◆ **Activity**
Wherever pictures occur in the entries below, leave them out and retype the rest exactly.

◆ **Records supplied**
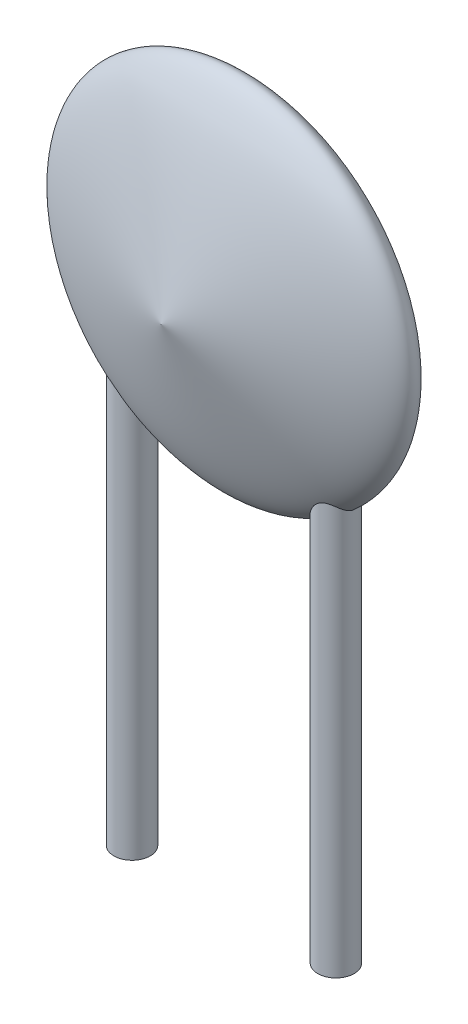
from build123d import *

# Parameters (mm, degrees)
ESQUISSE2_R      = 0.25
EXTRUSION1_DEPTH = 7.4


with BuildPart() as part:
    # Esquisse1 → R_volution1 (revolve)
    with BuildSketch(Plane(origin=(0, 0, 0), x_dir=(0, 0, -1), z_dir=(1, 0, 0))):
        with BuildLine():
            Line((-1, 0), (1, 0))
            add(Edge.make_bspline(
                [(-1, 0), (-0.666666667, 1.25), (0, 3.75), (0.666666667, 1.25), (1, 0)],
                knots=[0, 0, 0, 0, 0.5, 1, 1, 1, 1], degree=3))
        make_face()
    revolve(axis=Axis((0, 0, 4.802830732), (0, 0, -1)))

    # Esquisse2 → Extrusion1 (add)
    with BuildSketch(Plane(origin=(0, 0, 0), x_dir=(1, 0, 0), z_dir=(0, 1, 0))):
        with Locations(Location((-1.4, 0, 0), (0, 0, 270))):
            Circle(ESQUISSE2_R)
        with Locations(Location((1.4, 0, 0), (0, 0, 270))):
            Circle(ESQUISSE2_R)
    extrude(amount=-EXTRUSION1_DEPTH)


solid = part.part
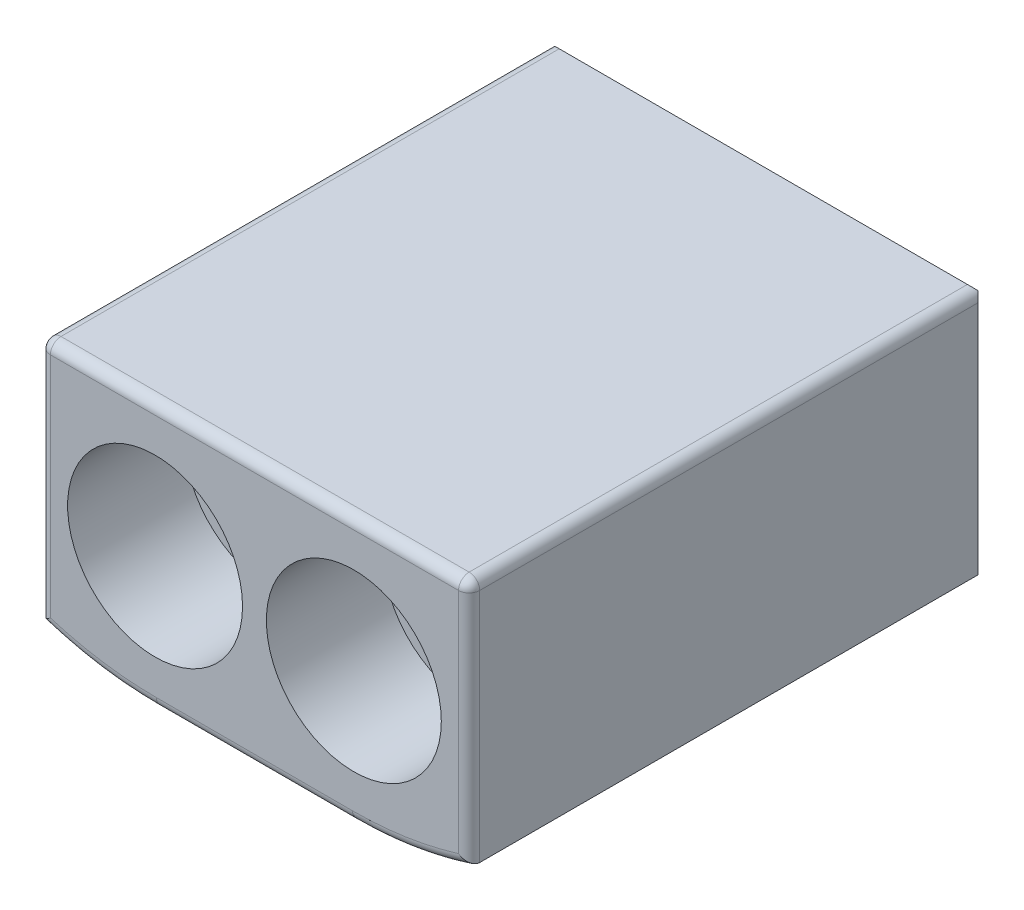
from build123d import *

# Parameters (mm, degrees)
BOSS_EXTRUDE1_DEPTH = 25.4
SKETCH3_R           = 2.794
CUT_EXTRUDE1_DEPTH  = 31.203846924
SKETCH4_R           = 4.191
CUT_EXTRUDE2_DEPTH  = 5.588
CHAMFER3_SIZE       = 1.016
FILLET3_R           = 0.508


with BuildPart() as part:
    # Sketch1 → Boss-Extrude1 (new body)
    with BuildSketch(Plane.XY):
        with BuildLine():
            Line((-4.699, -12.7), (4.699, -12.7))
            ThreePointArc((4.699, -12.7), (7.529081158, -12.473319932), (10.287, -11.799059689))
            Line((10.287, -11.799059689), (10.287, 0))
            Line((10.287, 0), (-10.287, 0))
            Line((-10.287, 0), (-10.287, -11.799059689))
            ThreePointArc((-10.287, -11.799059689), (-7.529081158, -12.473319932), (-4.699, -12.7))
        make_face()
    extrude(amount=-BOSS_EXTRUDE1_DEPTH)

    # Sketch3 → Cut-Extrude1 (cut, through all)
    with BuildSketch(Plane.XY):
        with Locations((4.7625, -6.35)):
            Circle(SKETCH3_R)
        with Locations((-4.7625, -6.35)):
            Circle(SKETCH3_R)
    extrude(amount=-CUT_EXTRUDE1_DEPTH, mode=Mode.SUBTRACT)

    # Sketch4 → Cut-Extrude2 (cut)
    with BuildSketch(Plane.XY):
        with Locations((4.7625, -6.35)):
            Circle(SKETCH4_R)
        with Locations((-4.7625, -6.35)):
            Circle(SKETCH4_R)
    extrude(amount=-CUT_EXTRUDE2_DEPTH, mode=Mode.SUBTRACT)

    # Chamfer3
    chamfer3_edges = [part.edges().sort_by_distance(p)[0] for p in [
        (7.529081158, -12.473319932, -25.4),
        (10.287, -5.899529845, -25.4),
        (0, 0, -25.4),
        (-10.287, -5.899529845, -25.4),
        (-7.529081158, -12.473319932, -25.4),
        (0, -12.7, -25.4),
    ]]
    chamfer(chamfer3_edges, length=CHAMFER3_SIZE)

    # Fillet3
    fillet3_edges = [part.edges().sort_by_distance(p)[0] for p in [
        (10.287, 0, -12.192),
        (-10.287, 0, -12.192),
        (-10.287, -5.899529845, 0),
        (0, 0, 0),
        (10.287, -5.899529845, 0),
        (7.529081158, -12.473319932, 0),
        (0, -12.7, 0),
        (-7.529081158, -12.473319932, 0),
    ]]
    fillet(fillet3_edges, radius=FILLET3_R)


solid = part.part

◆ **Answer to the problem**
from build123d import *

# Parameters (mm, degrees)
ESQUISSE2_R      = 0.25
EXTRUSION1_DEPTH = 7.4


with BuildPart() as part:
    # Esquisse1 → R_volution1 (revolve)
    with BuildSketch(Plane(origin=(0, 0, 0), x_dir=(0, 0, -1), z_dir=(1, 0, 0))):
        with BuildLine():
            Line((-1, 0), (1, 0))
            add(Edge.make_bspline(
                [(-1, 0), (-0.666666667, 1.25), (0, 3.75), (0.666666667, 1.25), (1, 0)],
                knots=[0, 0, 0, 0, 0.5, 1, 1, 1, 1], degree=3))
        make_face()
    revolve(axis=Axis((0, 0, 4.802830732), (0, 0, -1)))

    # Esquisse2 → Extrusion1 (add)
    with BuildSketch(Plane(origin=(0, 0, 0), x_dir=(1, 0, 0), z_dir=(0, 1, 0))):
        with Locations(Location((-1.4, 0, 0), (0, 0, 270))):
            Circle(ESQUISSE2_R)
        with Locations(Location((1.4, 0, 0), (0, 0, 270))):
            Circle(ESQUISSE2_R)
    extrude(amount=-EXTRUSION1_DEPTH)


solid = part.part
from build123d import *

# Parameters (mm, degrees)
BOSS_EXTRUDE1_DEPTH = 25.4
SKETCH3_R           = 2.794
CUT_EXTRUDE1_DEPTH  = 31.203846924
SKETCH4_R           = 4.191
CUT_EXTRUDE2_DEPTH  = 5.588
CHAMFER3_SIZE       = 1.016
FILLET3_R           = 0.508


with BuildPart() as part:
    # Sketch1 → Boss-Extrude1 (new body)
    with BuildSketch(Plane.XY):
        with BuildLine():
            Line((-4.699, -12.7), (4.699, -12.7))
            ThreePointArc((4.699, -12.7), (7.529081158, -12.473319932), (10.287, -11.799059689))
            Line((10.287, -11.799059689), (10.287, 0))
            Line((10.287, 0), (-10.287, 0))
            Line((-10.287, 0), (-10.287, -11.799059689))
            ThreePointArc((-10.287, -11.799059689), (-7.529081158, -12.473319932), (-4.699, -12.7))
        make_face()
    extrude(amount=-BOSS_EXTRUDE1_DEPTH)

    # Sketch3 → Cut-Extrude1 (cut, through all)
    with BuildSketch(Plane.XY):
        with Locations((4.7625, -6.35)):
            Circle(SKETCH3_R)
        with Locations((-4.7625, -6.35)):
            Circle(SKETCH3_R)
    extrude(amount=-CUT_EXTRUDE1_DEPTH, mode=Mode.SUBTRACT)

    # Sketch4 → Cut-Extrude2 (cut)
    with BuildSketch(Plane.XY):
        with Locations((4.7625, -6.35)):
            Circle(SKETCH4_R)
        with Locations((-4.7625, -6.35)):
            Circle(SKETCH4_R)
    extrude(amount=-CUT_EXTRUDE2_DEPTH, mode=Mode.SUBTRACT)

    # Chamfer3
    chamfer3_edges = [part.edges().sort_by_distance(p)[0] for p in [
        (7.529081158, -12.473319932, -25.4),
        (10.287, -5.899529845, -25.4),
        (0, 0, -25.4),
        (-10.287, -5.899529845, -25.4),
        (-7.529081158, -12.473319932, -25.4),
        (0, -12.7, -25.4),
    ]]
    chamfer(chamfer3_edges, length=CHAMFER3_SIZE)

    # Fillet3
    fillet3_edges = [part.edges().sort_by_distance(p)[0] for p in [
        (10.287, 0, -12.192),
        (-10.287, 0, -12.192),
        (-10.287, -5.899529845, 0),
        (0, 0, 0),
        (10.287, -5.899529845, 0),
        (7.529081158, -12.473319932, 0),
        (0, -12.7, 0),
        (-7.529081158, -12.473319932, 0),
    ]]
    fillet(fillet3_edges, radius=FILLET3_R)


solid = part.part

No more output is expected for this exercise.